Checking crayfish pots to ensure sustainable fishing

Fisheries officers are encouraging people who fish to check the regulations for crayfish pots.  MPI chief fisheries officer in Te Tairāwhiti, Richard Ratapu says they confiscate 10 crayfish pots a month on average because they aren't in line with regulations.

For a recreational cray pot, a 140mm by 54mm escape hatch is required on both sides.

"The smaller crayfish can get out of the escape hatches, that's the main thing is the escape hatches, if they're small the pots will catch everything," says fisheries officer Willie Waitoa, “...and for a commercial they can have a little bit bigger, that's usually a 200mm by 54mm.”

Today's standard check on a commercial fishing vessel found everything in order.

Waitoa says, “I was just checking the escape gaps were right on those commercial fishing pots, also watching them measure fish and return undersized fish.  On that boat today it seemed like everything was going well.”

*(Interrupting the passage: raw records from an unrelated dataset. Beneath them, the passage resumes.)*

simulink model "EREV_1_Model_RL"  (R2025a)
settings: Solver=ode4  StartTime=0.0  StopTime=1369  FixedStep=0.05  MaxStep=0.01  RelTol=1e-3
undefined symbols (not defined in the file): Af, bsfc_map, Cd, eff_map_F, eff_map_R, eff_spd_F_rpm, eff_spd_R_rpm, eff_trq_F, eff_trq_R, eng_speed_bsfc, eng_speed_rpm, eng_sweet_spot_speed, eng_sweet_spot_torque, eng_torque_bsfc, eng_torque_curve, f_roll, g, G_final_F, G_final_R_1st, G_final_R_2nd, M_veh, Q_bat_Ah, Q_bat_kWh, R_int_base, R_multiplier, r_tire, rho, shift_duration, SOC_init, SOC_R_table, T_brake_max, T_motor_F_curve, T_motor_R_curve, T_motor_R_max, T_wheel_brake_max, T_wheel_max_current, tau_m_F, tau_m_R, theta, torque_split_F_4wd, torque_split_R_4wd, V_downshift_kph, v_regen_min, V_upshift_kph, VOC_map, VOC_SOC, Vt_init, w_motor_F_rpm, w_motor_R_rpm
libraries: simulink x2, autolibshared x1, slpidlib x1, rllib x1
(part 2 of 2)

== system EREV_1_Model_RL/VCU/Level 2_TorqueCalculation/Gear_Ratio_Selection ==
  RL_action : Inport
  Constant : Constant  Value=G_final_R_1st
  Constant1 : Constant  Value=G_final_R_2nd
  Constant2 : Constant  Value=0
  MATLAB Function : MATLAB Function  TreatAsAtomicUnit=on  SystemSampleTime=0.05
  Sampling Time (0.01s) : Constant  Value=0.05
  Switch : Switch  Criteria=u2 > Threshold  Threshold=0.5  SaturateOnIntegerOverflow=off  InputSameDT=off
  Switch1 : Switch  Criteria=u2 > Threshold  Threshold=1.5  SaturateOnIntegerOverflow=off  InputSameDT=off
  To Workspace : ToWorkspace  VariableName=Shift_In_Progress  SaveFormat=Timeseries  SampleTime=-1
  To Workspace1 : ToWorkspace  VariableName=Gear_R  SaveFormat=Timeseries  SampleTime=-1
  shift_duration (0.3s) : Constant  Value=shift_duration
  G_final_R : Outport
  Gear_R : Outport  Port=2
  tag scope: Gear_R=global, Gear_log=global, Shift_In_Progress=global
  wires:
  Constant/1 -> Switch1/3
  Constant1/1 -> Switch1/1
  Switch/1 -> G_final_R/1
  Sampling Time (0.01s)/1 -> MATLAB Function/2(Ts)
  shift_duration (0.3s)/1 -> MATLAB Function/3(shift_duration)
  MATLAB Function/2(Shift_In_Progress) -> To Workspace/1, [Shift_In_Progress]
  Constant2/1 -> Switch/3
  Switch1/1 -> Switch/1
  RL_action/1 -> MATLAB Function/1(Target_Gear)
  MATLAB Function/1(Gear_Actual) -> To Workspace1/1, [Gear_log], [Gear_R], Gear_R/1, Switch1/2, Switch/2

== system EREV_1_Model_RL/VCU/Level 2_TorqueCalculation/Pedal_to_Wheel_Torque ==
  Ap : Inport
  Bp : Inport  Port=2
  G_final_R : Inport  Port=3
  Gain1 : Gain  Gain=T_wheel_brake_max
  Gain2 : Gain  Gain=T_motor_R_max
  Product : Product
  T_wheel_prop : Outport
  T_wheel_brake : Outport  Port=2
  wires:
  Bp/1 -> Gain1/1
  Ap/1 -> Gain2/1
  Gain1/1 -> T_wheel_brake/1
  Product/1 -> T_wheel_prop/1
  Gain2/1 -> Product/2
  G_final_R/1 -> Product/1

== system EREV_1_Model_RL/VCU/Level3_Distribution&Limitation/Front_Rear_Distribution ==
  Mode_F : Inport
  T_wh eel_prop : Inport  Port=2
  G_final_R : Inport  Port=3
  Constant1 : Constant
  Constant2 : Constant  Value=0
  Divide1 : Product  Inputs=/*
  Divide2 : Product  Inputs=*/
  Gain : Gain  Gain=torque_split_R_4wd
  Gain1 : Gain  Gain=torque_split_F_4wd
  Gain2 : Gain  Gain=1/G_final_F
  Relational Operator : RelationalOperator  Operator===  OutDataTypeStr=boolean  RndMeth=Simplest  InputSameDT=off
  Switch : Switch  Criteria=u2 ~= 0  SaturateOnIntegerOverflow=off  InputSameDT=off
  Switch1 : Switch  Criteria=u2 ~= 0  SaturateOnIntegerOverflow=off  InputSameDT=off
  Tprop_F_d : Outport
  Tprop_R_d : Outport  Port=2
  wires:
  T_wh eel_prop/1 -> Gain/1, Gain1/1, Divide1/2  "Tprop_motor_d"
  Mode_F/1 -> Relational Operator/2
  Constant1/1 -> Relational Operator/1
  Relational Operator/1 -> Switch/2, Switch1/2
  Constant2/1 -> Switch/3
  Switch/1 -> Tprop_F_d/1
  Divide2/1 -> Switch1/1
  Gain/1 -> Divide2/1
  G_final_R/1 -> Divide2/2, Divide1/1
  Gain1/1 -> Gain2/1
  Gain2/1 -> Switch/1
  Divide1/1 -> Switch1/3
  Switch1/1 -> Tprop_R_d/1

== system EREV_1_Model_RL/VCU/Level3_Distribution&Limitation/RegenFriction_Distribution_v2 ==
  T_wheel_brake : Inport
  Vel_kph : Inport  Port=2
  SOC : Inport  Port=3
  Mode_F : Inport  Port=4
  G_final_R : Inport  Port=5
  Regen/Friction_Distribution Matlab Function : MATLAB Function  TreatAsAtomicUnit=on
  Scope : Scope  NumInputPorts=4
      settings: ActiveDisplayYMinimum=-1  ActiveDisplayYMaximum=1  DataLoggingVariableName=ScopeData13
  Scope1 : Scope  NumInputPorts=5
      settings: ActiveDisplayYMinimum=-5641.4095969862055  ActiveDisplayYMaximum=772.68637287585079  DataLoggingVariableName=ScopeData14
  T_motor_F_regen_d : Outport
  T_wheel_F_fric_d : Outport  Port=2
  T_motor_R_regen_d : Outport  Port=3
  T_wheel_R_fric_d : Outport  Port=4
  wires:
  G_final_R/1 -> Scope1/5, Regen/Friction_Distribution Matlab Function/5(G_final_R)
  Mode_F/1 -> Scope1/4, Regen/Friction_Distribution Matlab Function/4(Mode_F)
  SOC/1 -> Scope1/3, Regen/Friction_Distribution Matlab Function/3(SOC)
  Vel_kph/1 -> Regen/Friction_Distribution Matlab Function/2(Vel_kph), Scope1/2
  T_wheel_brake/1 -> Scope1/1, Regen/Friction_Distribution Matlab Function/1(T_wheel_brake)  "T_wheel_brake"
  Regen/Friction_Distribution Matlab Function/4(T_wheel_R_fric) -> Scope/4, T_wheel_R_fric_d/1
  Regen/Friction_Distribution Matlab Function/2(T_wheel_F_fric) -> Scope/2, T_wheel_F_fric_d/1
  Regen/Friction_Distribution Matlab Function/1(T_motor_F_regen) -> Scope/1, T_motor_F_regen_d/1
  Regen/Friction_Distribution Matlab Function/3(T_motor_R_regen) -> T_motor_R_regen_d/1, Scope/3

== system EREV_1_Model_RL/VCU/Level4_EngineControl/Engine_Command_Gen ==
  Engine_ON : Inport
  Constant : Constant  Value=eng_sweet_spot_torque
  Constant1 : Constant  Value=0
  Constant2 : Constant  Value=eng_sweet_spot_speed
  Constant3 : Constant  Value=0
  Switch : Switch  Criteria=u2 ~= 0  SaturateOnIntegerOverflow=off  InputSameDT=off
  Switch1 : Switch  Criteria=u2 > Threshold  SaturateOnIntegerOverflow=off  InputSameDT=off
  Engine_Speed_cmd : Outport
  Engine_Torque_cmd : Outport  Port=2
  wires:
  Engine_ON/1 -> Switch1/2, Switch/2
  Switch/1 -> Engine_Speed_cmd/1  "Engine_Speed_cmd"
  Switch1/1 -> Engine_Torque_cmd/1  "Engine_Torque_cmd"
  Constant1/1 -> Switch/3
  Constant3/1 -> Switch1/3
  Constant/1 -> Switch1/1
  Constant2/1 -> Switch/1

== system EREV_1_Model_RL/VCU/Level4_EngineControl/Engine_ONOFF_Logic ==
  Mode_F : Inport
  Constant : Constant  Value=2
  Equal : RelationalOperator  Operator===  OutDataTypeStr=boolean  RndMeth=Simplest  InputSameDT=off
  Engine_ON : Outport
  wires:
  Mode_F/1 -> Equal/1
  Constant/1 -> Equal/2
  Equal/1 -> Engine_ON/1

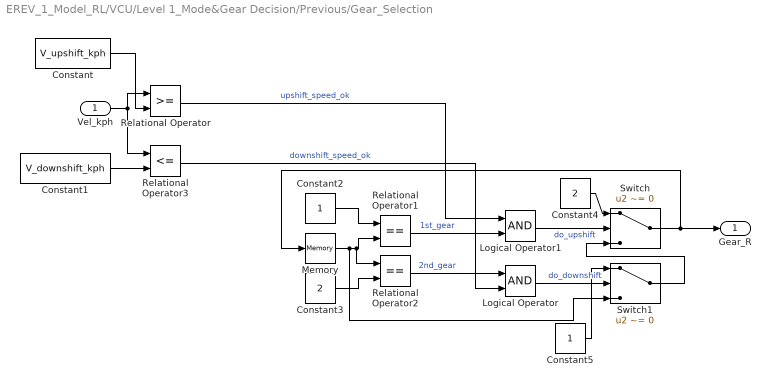
== system EREV_1_Model_RL/VCU/Level 1_Mode&Gear Decision/Previous/Gear_Selection ==
  Vel_kph : Inport
  Constant : Constant  Value=V_upshift_kph
  Constant1 : Constant  Value=V_downshift_kph
  Constant2 : Constant
  Constant3 : Constant  Value=2
  Constant4 : Constant  Value=2
  Constant5 : Constant
  Logical Operator : Logic  AllPortsSameDT=off  OutDataTypeStr=boolean
  Logical Operator1 : Logic  AllPortsSameDT=off  OutDataTypeStr=boolean
  Memory : Memory  InitialCondition=1
  Relational Operator : RelationalOperator  OutDataTypeStr=boolean  RndMeth=Simplest  InputSameDT=off
  Relational Operator1 : RelationalOperator  Operator===  OutDataTypeStr=boolean  RndMeth=Simplest  InputSameDT=off
  Relational Operator2 : RelationalOperator  Operator===  OutDataTypeStr=boolean  RndMeth=Simplest  InputSameDT=off
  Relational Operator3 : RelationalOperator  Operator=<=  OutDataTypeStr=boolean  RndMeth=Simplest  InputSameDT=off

MPI fisheries officer Jordan Cooper says the regulations are aligned with sustainable fishing.

“A whole part of us getting on board, looking at his paperwork, someone looking at the amount of crayfish that he has on board, also the gear that he has, that it is all within the regulations, is part of making sure that our fisheries are sustainable,” says Cooper.

Ratapu says that recreational fishers of crayfish need to check that pots meet the regulations.

“Go and buy the crayfish pot from the right place.  Don't just make it yourself and put things over it to cover the escape hatches”, says Ratapu.

Waitoa says, “What the regulation says is that you have to have a name and an initial on the pot, it's voluntary to put a phone number on...if we do have a phone number on the pot we'll generally give them a ring.”